__Directions for this task__:
Find the line with "world_world.color = (0.05088, 0.05088, 0.05088)" in the records below. Copy it and every line after it, up to and including the line with "me_cube_001 = bpy.data.meshes.new('Cube.001')".

§

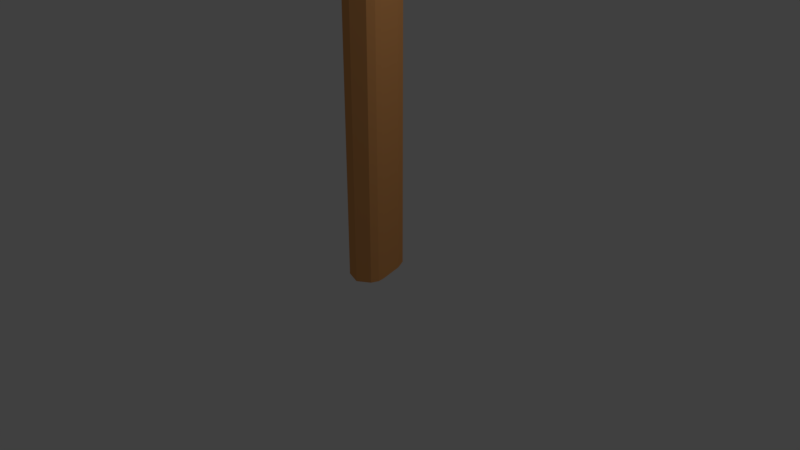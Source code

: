 # Source: MaoSobrinho.blend  (saved by Blender 2.78.0; exported with 4.5.12 LTS)
import bpy
from mathutils import Matrix  # noqa: F401  (used for matrix-valued properties, if any)

bpy.ops.wm.read_factory_settings(use_empty=True)
scene = bpy.context.scene
scene.name = 'Scene'

# ---- collections
col_collection_1 = bpy.data.collections.new('Collection 1'); scene.collection.children.link(col_collection_1)

# ---- materials (node trees are filled in below, after node groups)
mat_material = bpy.data.materials.new('Material')
mat_material.alpha_threshold = 0.0
mat_material.use_transparent_shadow = False
mat_material.diffuse_color = (0.8, 0.3605, 0.1204, 1.0)
mat_material.roughness = 0.5
mat_material.line_color = (0.0, 0.0, 0.0, 1.0)

# ---- material node trees

# ---- world
world_world = bpy.data.worlds.new('World'); scene.world = world_world
world_world.color = (0.05088, 0.05088, 0.05088)
world_world.use_sun_shadow = False
world_world.sun_shadow_jitter_overblur = 0.0
world_world.cycles.sampling_method = 'MANUAL'

# ---- cameras
cam_camera = bpy.data.cameras.new('Camera')
cam_camera.clip_end = 100.0
cam_camera.lens = 35.0
cam_camera.sensor_width = 32.0
cam_camera.sensor_height = 18.0
cam_camera.ortho_scale = 7.314
cam_camera.dof.focus_distance = 0.0
cam_camera.dof.aperture_fstop = 128.0

# ---- lights
light_lamp = bpy.data.lights.new('Lamp', 'POINT')
light_lamp.transmission_factor = 0.0
light_lamp.cutoff_distance = 30.0
light_lamp.energy = 100.0
light_lamp.shadow_buffer_clip_start = 1.001
light_lamp.shadow_soft_size = 0.1
light_lamp.shadow_maximum_resolution = 0.006
light_lamp.use_absolute_resolution = True

# ---- meshes
me_cube_001 = bpy.data.meshes.new('Cube.001')
me_cube_001.from_pydata([(-0.4164, 1.043, 0.05023), (-0.277, 0.8778, -0.592), (-0.2507, 1.072, -0.09646), (-0.2605, 1.065, -0.594), (-0.3942, 0.8673, 0.05023), (-0.498, 0.8574, -0.6122), (-0.2263, 0.879, -0.09646), (-0.5191, 1.073, -0.601), (-0.5167, 1.05, -0.4017), (-0.4691, 0.8582, -0.4018), (-0.3021, 1.06, -0.4603), (-0.278, 0.8727, -0.4603), (0.1575, 1.101, 0.3185), (-0.004381, 1.081, 0.4719), (0.1579, 0.946, 0.3364), (0.03382, 0.9309, 0.454), (-0.2788, 0.8776, -0.3122), (-0.2637, 0.8794, -0.2069), (-0.3021, 1.061, -0.3122), (-0.2869, 1.063, -0.2069), (-0.4539, 0.8647, -0.1884), (-0.4349, 0.867, -0.08568), (-0.456, 1.034, -0.08568), (-0.4756, 1.031, -0.1882), (-0.2171, 1.071, 0.01971), (-0.1586, 1.077, 0.1064), (-0.2958, 1.052, 0.2578), (-0.3587, 1.046, 0.1754), (-0.1939, 0.8879, 0.01971), (-0.1357, 0.896, 0.1064), (-0.3376, 0.8788, 0.1754), (-0.2749, 0.8873, 0.2578), (-0.005485, 1.097, 0.2336), (0.01775, 0.9132, 0.2336), (-0.1453, 1.072, 0.3875), (-0.1241, 0.9043, 0.3875), (-0.1946, 0.9808, -0.115), (-0.5592, 0.8019, -0.6635), (-0.5735, 0.9527, -0.4289), (-0.2403, 0.9754, -0.5074), (-0.4378, 0.9513, 0.05848), (0.2043, 1.029, 0.3478), (0.05307, 1.011, 0.5132), (-0.2386, 0.9755, -0.2341), (-0.2568, 0.9733, -0.3476), (-0.4858, 0.9455, -0.08808), (-0.522, 0.9404, -0.1987), (-0.08547, 0.9941, 0.1037), (-0.1552, 0.9856, 0.01028), (-0.2944, 0.9687, 0.2823), (-0.3695, 0.9596, 0.1934), (0.0574, 1.009, 0.2409), (-0.1143, 0.9906, 0.4222), (-0.33, 1.1, -0.03741), (-0.411, 1.094, -0.5876), (-0.2962, 0.8327, -0.03741), (-0.3631, 0.8289, -0.5534), (-0.3675, 0.841, -0.4624), (0.09841, 1.134, 0.4039), (0.1278, 0.9019, 0.4039), (-0.4221, 1.089, -0.4447), (-0.3712, 1.088, -0.143), (-0.3903, 1.086, -0.2603), (-0.3392, 0.8345, -0.1652), (-0.3578, 0.8322, -0.2731), (-0.2135, 1.106, 0.1755), (-0.2799, 1.099, 0.08776), (-0.1818, 0.855, 0.1755), (-0.2478, 0.8456, 0.08776), (-0.04755, 1.128, 0.3087), (-0.01538, 0.8733, 0.3087), (0.1827, 1.027, 0.4677), (-0.3936, 0.7289, 0.08159), (-0.215, 0.567, -0.5995), (-0.227, 0.7525, -0.08066), (-0.2596, 0.7462, -0.5995), (-0.3777, 0.5524, 0.08159), (-0.4444, 0.551, -0.6152), (-0.2095, 0.5587, -0.08066), (-0.4648, 0.718, -0.6152), (-0.4719, 0.7219, -0.4183), (-0.4529, 0.5456, -0.4184), (-0.2792, 0.7429, -0.4831), (-0.2619, 0.559, -0.4831), (0.1819, 0.7688, 0.3783), (0.01945, 0.7542, 0.548), (0.1767, 0.6136, 0.3981), (0.05219, 0.6025, 0.5282), (-0.262, 0.559, -0.3193), (-0.2469, 0.5604, -0.2029), (-0.2788, 0.7429, -0.3193), (-0.2634, 0.7443, -0.2029), (-0.4375, 0.5516, -0.1823), (-0.4184, 0.5533, -0.06874), (-0.4334, 0.7208, -0.06874), (-0.4531, 0.719, -0.1822), (-0.1934, 0.7505, 0.04783), (-0.1348, 0.7548, 0.1437), (-0.2727, 0.7342, 0.3112), (-0.3358, 0.7295, 0.22), (-0.1769, 0.5666, 0.04783), (-0.1185, 0.5729, 0.1437), (-0.3208, 0.562, 0.22), (-0.2579, 0.5686, 0.3112), (0.01891, 0.7699, 0.2844), (0.0355, 0.5853, 0.2844), (-0.1217, 0.749, 0.4546), (-0.1066, 0.5809, 0.4546), (-0.1455, 0.6429, -0.6423), (-0.1743, 0.6596, -0.1012), (-0.4493, 0.4717, -0.6828), (-0.51, 0.6295, -0.4484), (-0.2092, 0.6541, -0.5352), (-0.4182, 0.6377, 0.09071), (0.2261, 0.6954, 0.4107), (0.07431, 0.6818, 0.5937), (-0.2184, 0.6556, -0.2329), (-0.2366, 0.654, -0.3585), (-0.4664, 0.6334, -0.07141), (-0.4896, 0.6313, -0.1938), (-0.06471, 0.6694, 0.1408), (-0.1347, 0.6631, 0.0374), (-0.2744, 0.6506, 0.3383), (-0.3497, 0.6439, 0.24), (0.07879, 0.6786, 0.2925), (-0.09361, 0.6668, 0.493), (-0.3052, 0.7831, -0.01535), (-0.358, 0.7732, -0.5545), (-0.2811, 0.5147, -0.01535), (-0.3101, 0.5113, -0.5843), (-0.3466, 0.5173, -0.483), (0.124, 0.8038, 0.4728), (0.145, 0.5705, 0.4728), (-0.3754, 0.76, -0.4816), (-0.3468, 0.7725, -0.1567), (-0.366, 0.7708, -0.276), (-0.3239, 0.5178, -0.1567), (-0.3426, 0.5161, -0.276), (-0.1886, 0.7852, 0.2201), (-0.2552, 0.7807, 0.1231), (-0.166, 0.5333, 0.2201), (-0.2323, 0.526, 0.1231), (-0.02201, 0.802, 0.3675), (0.0009645, 0.5464, 0.3675), (0.2043, 0.6934, 0.5433), (-0.3111, 0.4063, 0.06558), (-0.1622, 0.2484, -0.591), (-0.1472, 0.4435, -0.09084), (-0.1972, 0.4298, -0.591), (-0.2787, 0.232, 0.06558), (-0.3451, 0.2251, -0.6061), (-0.1116, 0.2521, -0.09084), (-0.3811, 0.3896, -0.615), (-0.3886, 0.3929, -0.4164), (-0.353, 0.2191, -0.4164), (-0.1993, 0.4345, -0.4789), (-0.1629, 0.2432, -0.4789), (0.259, 0.4933, 0.3517), (0.09836, 0.4655, 0.5152), (0.2684, 0.3385, 0.3708), (0.1453, 0.3172, 0.4962), (-0.1639, 0.2481, -0.3209), (-0.149, 0.2507, -0.2086), (-0.198, 0.4297, -0.3209), (-0.1828, 0.4323, -0.2086), (-0.3382, 0.2263, -0.1888), (-0.3193, 0.2295, -0.07935), (-0.3501, 0.395, -0.07935), (-0.3696, 0.3916, -0.1887), (-0.1136, 0.4443, 0.03304), (-0.0555, 0.4533, 0.1254), (-0.1911, 0.4216, 0.2869), (-0.2536, 0.4117, 0.199), (-0.0798, 0.2627, 0.03304), (-0.0221, 0.2737, 0.1254), (-0.2228, 0.2463, 0.199), (-0.1607, 0.258, 0.2869), (0.09635, 0.481, 0.2611), (0.1302, 0.2987, 0.2611), (-0.04186, 0.4487, 0.4252), (-0.01098, 0.2826, 0.4252), (-0.07291, 0.3241, -0.6092), (-0.08589, 0.3554, -0.1106), (-0.4017, 0.3065, -0.6334), (-0.4179, 0.2979, -0.4454), (-0.1437, 0.323, -0.529), (-0.3271, 0.3136, 0.07437), (0.3099, 0.4239, 0.3829), (0.1599, 0.3979, 0.5593), (-0.1295, 0.3478, -0.2376), (-0.1459, 0.3361, -0.3587), (-0.3747, 0.3053, -0.08192), (-0.3977, 0.3014, -0.1999), (0.02242, 0.3741, 0.1226), (-0.04679, 0.3621, 0.02298), (-0.1849, 0.3382, 0.3131), (-0.2594, 0.3253, 0.2183), (0.1638, 0.3984, 0.2689), (-0.006154, 0.3692, 0.4622), (-0.2281, 0.4676, -0.02787), (-0.301, 0.4573, -0.5787), (-0.1788, 0.2024, -0.02787), (-0.224, 0.1893, -0.5749), (-0.249, 0.1989, -0.4792), (0.198, 0.5235, 0.4427), (0.2408, 0.293, 0.4427), (-0.3012, 0.4467, -0.4796), (-0.2685, 0.4536, -0.1642), (-0.2875, 0.4503, -0.2791), (-0.2218, 0.202, -0.1642), (-0.2403, 0.1988, -0.2792), (-0.112, 0.4792, 0.1991), (-0.178, 0.4692, 0.1056), (-0.06575, 0.2304, 0.1991), (-0.1312, 0.2177, 0.1056), (0.05252, 0.5097, 0.3412), (0.09947, 0.2571, 0.3412), (0.2884, 0.4202, 0.5107), (-0.1815, 0.07225, 0.05023), (-0.02264, -0.08362, -0.594), (-0.01493, 0.09577, -0.09646), (-0.08703, 0.08259, -0.5867), (-0.1658, -0.1043, 0.05023), (-0.2431, -0.1063, -0.601), (0.002339, -0.09808, -0.09646), (-0.3166, 0.08791, -0.5797), (-0.2599, 0.06529, -0.4017), (-0.241, -0.111, -0.4018), (-0.06762, 0.09109, -0.4603), (-0.04953, -0.1027, -0.4603), (0.3939, 0.1117, 0.3185), (0.2315, 0.09729, 0.4719), (0.3886, -0.04341, 0.3364), (0.2641, -0.05447, 0.454), (-0.05013, -0.09774, -0.3122), (-0.03502, -0.0964, -0.2069), (-0.06675, 0.08616, -0.3122), (-0.0514, 0.08753, -0.2069), (-0.2256, -0.1051, -0.1884), (-0.2065, -0.1034, -0.08568), (-0.2214, 0.06416, -0.08568), (-0.2411, 0.0624, -0.1882), (0.0186, 0.09374, 0.01971), (0.07723, 0.09792, 0.1064), (-0.06072, 0.07749, 0.2578), (-0.1238, 0.07282, 0.1754), (0.03498, -0.09018, 0.01971), (0.09344, -0.08396, 0.1064), (-0.1089, -0.09469, 0.1754), (-0.04596, -0.08816, 0.2578), (0.231, 0.113, 0.2336), (0.2474, -0.07167, 0.2336), (0.09037, 0.09217, 0.3875), (0.1053, -0.07598, 0.3875), (0.003641, 0.04026, -0.6028), (0.0377, 0.002751, -0.115), (-0.3303, -0.01225, -0.6109), (-0.2981, -0.02708, -0.4289), (-0.02479, -0.0028, -0.5074), (-0.2063, -0.01892, 0.05848), (0.4381, 0.03832, 0.3478), (0.2863, 0.02483, 0.5132), (-0.006427, -0.001169, -0.2341), (-0.02463, -0.002786, -0.3476), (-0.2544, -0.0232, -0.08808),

§

__Task result__:
world_world.color = (0.05088, 0.05088, 0.05088)
world_world.use_sun_shadow = False
world_world.sun_shadow_jitter_overblur = 0.0
world_world.cycles.sampling_method = 'MANUAL'

# ---- cameras
cam_camera = bpy.data.cameras.new('Camera')
cam_camera.clip_end = 100.0
cam_camera.lens = 35.0
cam_camera.sensor_width = 32.0
cam_camera.sensor_height = 18.0
cam_camera.ortho_scale = 7.314
cam_camera.dof.focus_distance = 0.0
cam_camera.dof.aperture_fstop = 128.0

# ---- lights
light_lamp = bpy.data.lights.new('Lamp', 'POINT')
light_lamp.transmission_factor = 0.0
light_lamp.cutoff_distance = 30.0
light_lamp.energy = 100.0
light_lamp.shadow_buffer_clip_start = 1.001
light_lamp.shadow_soft_size = 0.1
light_lamp.shadow_maximum_resolution = 0.006
light_lamp.use_absolute_resolution = True

# ---- meshes
me_cube_001 = bpy.data.meshes.new('Cube.001')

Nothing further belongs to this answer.